You can find her in the library or under the great elm tree behind the football field, always with book in hand and hair tucked behind ears. Never would you see her shouting or laughing with other girls, but if you do happen to catch her eye when you walk past, you would surely be greeted with a warm smile. Whenever I see her, I can’t help but think that she somehow doesn’t belong here in this building, with these people, during this century. Her skin is porcelain, like the delicate dolls found behind the glass of Paris shops. Her hair is auburn and wispy, like the strands of a spider web reflecting the flames of a forest fire. And her eyes, her eyes are the deep chocolate of rich soils that gave rise to civilization, filled with the depth of myriad nights where masterpieces were created, battles were fought, revolutions were planned, and history was made. Her presence never seems to be solid, but rather thin and flickering, like the twinkling of the stars—far away, ethereal, in existence for millennia yet still only a vague shimmer to those who observe them now.

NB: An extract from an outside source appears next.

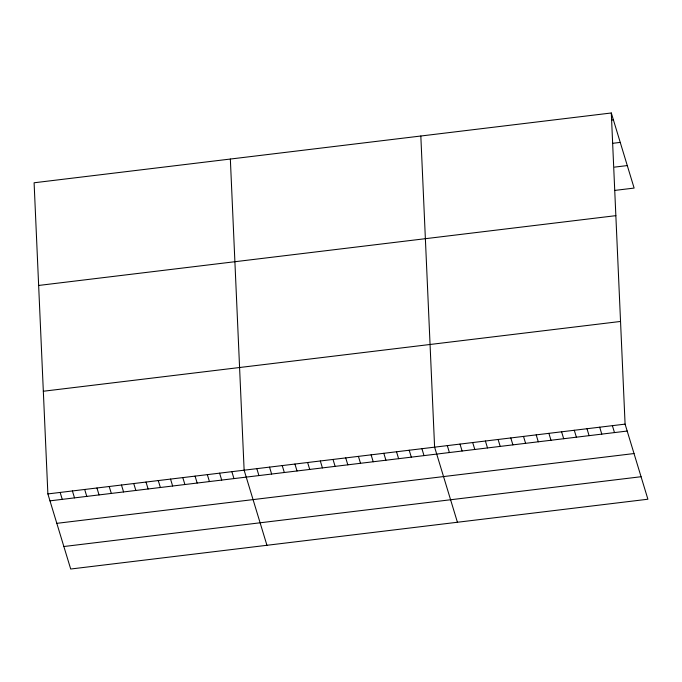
<?xml version="1.0" encoding="UTF-8"?>
<svg xmlns="http://www.w3.org/2000/svg" width="682" height="682" viewBox="0 0 682 682"><rect width="100%" height="100%" fill="white"/><g stroke="black" fill="none" stroke-linecap="round" stroke-linejoin="round"><path stroke-width="1.02" d="M611.302 112.982L34.1 182.776L47.876 493.921L70.698 569.018L647.9 499.224L625.087 424.127L611.302 112.982L634.124 188.079L614.584 190.44M611.456 120.134L613.408 119.896M612.427 143.339L620.245 142.402M614.584 167.116L627.287 165.581M38.644 285.451L615.855 215.657M43.333 391.246L620.535 321.452M47.876 493.921L625.087 424.127M49.982 500.844L627.184 431.05M56.819 523.341L634.021 453.547M63.861 546.521L641.063 476.727M612.385 425.662L614.491 432.584M599.683 427.196L601.788 434.119M586.989 428.739L589.095 435.662M574.287 430.274L576.392 437.196M561.593 431.808L563.69 438.731M548.891 433.343L550.996 440.265M536.197 434.877L538.294 441.8M523.495 436.412L525.6 443.334M510.801 437.946L512.898 444.869M498.099 439.481L500.204 446.403M485.396 441.015L487.502 447.938M472.703 442.558L474.808 449.481M460 444.093L462.106 451.015M447.307 445.627L449.404 452.55M457.426 522.259L434.605 447.162L420.828 136.008M421.911 448.696L424.008 455.619M409.209 450.231L411.314 457.153M396.515 451.765L398.612 458.688M383.813 453.3L385.918 460.222M371.11 454.834L373.216 461.757M358.417 456.377L360.522 463.3M345.714 457.912L347.82 464.834M333.021 459.446L335.118 466.369M320.318 460.981L322.424 467.903M307.625 462.515L309.722 469.438M294.922 464.05L297.028 470.972M282.229 465.584L284.326 472.507M269.526 467.119L271.632 474.041M256.824 468.662L258.93 475.576M266.943 545.293L244.13 470.196L230.345 159.042M231.863 471.68L233.969 478.602M219.595 473.163L221.701 480.077M207.337 474.646L209.434 481.56M195.069 476.13L197.166 483.044M182.802 477.605L184.907 484.527M170.534 479.088L172.64 486.01M158.267 480.571L160.372 487.494M146.008 482.055L148.105 488.977M133.74 483.538L135.846 490.46M121.473 485.021L123.578 491.944M109.205 486.505L111.311 493.427M96.946 487.988L99.043 494.91M84.679 489.471L86.776 496.394M72.411 490.955L74.517 497.877M60.144 492.438L62.25 499.36"/></g></svg>

She is someone I will never be able to understand, for I am the one who loves to be surrounded by people, constantly reminded that I exist and that I am loved. Without the laughter and cries of companions, I am lonely and unhappy. I am like the stars too, sure that I can be seen, yet still vainly winking at all passerby for attention. Now it must be made clear that I am by no means popular. I am not the life of the party, not the girl voted for prom queen, not the person you kiss up to for expedited climbs up the social ladder. But I am the girl always eager to make a new friend, happy to be crazy or unexpected at parties, trying to win people over with loud laughs and foolish dance moves. Where she has quiet aura and mystery, I have brazen showiness and dazzle. When she can be content with the company of a tree, I feverishly add “friends” on Facebook just to gain some assurance of existence. Confidence in media is often portrayed by girls like me, who have good grades in school, many friends, and a permanent smile, but I own these traits only because I am too weak to face the world on my own. I follow the stereotypes of teenagers to avoid judgment and the smile is my way hiding the constantly conflicting feelings within. She is true confidence, with peace radiating from the silence surrounding her and warmth shining from her shadow.

We are complete opposites, right down to our names. Her name is Koral. My name is Summer. She is a wondrous home for colorful creatures of the undiscovered sea. Delicate and enigmatic, carefully handled by all who visit, she must be preserved. I am the season of reckless children and the pretentious rose, a time when heat and humidity leads to rash decisions and regret. Roughly beaten with pillows of slumber parties and crudely serenaded by drunken karaoke, I must be fast-forwarded and turned into months of peace. We are complete opposites, and I wish I was her.